What is being asked | Using the entries below, show all lines with the string "YMin".

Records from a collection
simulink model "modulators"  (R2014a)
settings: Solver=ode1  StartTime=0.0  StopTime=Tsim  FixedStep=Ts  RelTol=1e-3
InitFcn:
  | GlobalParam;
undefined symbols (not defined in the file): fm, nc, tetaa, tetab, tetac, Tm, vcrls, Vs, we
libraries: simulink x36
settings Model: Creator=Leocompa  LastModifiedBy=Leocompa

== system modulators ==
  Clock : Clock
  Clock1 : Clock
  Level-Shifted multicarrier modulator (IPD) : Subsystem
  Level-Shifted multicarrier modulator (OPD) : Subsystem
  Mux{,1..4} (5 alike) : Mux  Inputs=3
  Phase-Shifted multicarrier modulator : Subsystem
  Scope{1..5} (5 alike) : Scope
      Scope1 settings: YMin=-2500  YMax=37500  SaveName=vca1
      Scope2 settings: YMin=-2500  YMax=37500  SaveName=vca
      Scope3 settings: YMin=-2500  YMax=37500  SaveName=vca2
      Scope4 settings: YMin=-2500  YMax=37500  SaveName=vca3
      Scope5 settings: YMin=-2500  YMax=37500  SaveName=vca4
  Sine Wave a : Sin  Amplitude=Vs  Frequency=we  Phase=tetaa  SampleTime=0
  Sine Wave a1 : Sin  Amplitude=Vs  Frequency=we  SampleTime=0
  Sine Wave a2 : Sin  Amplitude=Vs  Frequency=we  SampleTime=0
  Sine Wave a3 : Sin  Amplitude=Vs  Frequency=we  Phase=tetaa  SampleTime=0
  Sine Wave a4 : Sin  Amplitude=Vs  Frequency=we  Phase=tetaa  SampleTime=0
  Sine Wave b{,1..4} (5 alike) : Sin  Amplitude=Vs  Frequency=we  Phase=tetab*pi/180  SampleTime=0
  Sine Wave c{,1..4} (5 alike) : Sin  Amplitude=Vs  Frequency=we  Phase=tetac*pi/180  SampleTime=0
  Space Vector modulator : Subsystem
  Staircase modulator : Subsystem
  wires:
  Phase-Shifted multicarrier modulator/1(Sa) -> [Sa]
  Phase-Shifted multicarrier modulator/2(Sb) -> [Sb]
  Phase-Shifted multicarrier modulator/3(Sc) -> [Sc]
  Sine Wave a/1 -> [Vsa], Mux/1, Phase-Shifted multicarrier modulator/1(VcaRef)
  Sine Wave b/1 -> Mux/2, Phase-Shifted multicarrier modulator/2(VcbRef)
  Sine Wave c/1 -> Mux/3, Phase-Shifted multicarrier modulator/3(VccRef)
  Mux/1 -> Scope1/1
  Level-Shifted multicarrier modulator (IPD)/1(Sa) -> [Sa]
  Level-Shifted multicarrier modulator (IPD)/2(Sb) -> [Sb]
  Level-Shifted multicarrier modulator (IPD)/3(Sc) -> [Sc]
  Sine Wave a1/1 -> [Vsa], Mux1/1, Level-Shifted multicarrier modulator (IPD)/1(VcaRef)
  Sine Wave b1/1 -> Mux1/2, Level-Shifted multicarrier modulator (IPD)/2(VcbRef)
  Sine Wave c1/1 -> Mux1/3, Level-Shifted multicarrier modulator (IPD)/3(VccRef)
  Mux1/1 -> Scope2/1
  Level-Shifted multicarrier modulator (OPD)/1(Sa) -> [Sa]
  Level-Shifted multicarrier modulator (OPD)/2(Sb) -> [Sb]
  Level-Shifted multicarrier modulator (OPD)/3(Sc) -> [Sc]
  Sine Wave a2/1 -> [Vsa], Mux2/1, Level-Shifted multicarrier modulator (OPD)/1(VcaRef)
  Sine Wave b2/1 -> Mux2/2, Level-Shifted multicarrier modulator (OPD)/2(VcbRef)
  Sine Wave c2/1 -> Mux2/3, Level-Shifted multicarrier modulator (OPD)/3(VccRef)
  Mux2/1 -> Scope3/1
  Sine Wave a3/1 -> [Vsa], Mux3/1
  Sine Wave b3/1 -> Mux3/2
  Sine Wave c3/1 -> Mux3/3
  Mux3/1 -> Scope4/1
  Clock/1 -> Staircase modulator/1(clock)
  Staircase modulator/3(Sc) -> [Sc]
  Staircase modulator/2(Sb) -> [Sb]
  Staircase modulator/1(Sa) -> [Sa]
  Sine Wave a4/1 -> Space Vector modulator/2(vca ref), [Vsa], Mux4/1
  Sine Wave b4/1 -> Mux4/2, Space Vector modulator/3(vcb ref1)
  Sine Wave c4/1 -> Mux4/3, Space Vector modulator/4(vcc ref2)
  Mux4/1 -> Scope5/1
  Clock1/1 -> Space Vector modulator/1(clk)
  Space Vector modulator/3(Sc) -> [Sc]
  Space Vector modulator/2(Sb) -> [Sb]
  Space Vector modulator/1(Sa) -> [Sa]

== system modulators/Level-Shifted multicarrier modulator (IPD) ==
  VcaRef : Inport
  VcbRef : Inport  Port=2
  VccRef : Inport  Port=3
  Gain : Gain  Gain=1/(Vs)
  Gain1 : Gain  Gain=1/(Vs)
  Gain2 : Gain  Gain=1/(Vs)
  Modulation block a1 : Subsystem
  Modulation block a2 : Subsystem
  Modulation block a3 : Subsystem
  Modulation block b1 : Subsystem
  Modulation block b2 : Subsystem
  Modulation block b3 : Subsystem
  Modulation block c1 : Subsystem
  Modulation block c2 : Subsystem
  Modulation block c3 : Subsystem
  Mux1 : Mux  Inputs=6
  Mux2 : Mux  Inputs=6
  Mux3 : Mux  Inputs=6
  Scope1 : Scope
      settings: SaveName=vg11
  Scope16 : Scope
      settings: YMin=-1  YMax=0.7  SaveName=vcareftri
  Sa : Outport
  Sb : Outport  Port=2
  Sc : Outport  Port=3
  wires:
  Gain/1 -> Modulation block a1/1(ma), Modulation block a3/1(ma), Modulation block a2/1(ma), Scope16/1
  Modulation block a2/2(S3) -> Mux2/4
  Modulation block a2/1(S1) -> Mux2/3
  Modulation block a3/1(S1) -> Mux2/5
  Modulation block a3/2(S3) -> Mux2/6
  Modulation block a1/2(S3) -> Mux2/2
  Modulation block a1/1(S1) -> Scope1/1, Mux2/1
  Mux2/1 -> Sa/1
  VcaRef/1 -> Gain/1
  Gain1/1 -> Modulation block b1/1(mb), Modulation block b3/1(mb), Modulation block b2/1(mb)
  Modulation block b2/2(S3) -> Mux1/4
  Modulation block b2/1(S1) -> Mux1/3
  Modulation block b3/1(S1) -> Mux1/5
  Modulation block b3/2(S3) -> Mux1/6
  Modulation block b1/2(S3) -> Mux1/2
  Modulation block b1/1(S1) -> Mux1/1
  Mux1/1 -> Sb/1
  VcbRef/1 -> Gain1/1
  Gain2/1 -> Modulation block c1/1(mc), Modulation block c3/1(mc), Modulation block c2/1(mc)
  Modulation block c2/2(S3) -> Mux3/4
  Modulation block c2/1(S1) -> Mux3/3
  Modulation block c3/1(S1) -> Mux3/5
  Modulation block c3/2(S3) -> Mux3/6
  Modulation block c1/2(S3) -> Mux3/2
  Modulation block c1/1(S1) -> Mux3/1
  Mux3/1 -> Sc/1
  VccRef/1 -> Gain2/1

Exercise answer |
      Scope1 settings: YMin=-2500  YMax=37500  SaveName=vca1
      Scope2 settings: YMin=-2500  YMax=37500  SaveName=vca
      Scope3 settings: YMin=-2500  YMax=37500  SaveName=vca2
      Scope4 settings: YMin=-2500  YMax=37500  SaveName=vca3
      Scope5 settings: YMin=-2500  YMax=37500  SaveName=vca4
      settings: YMin=-1  YMax=0.7  SaveName=vcareftri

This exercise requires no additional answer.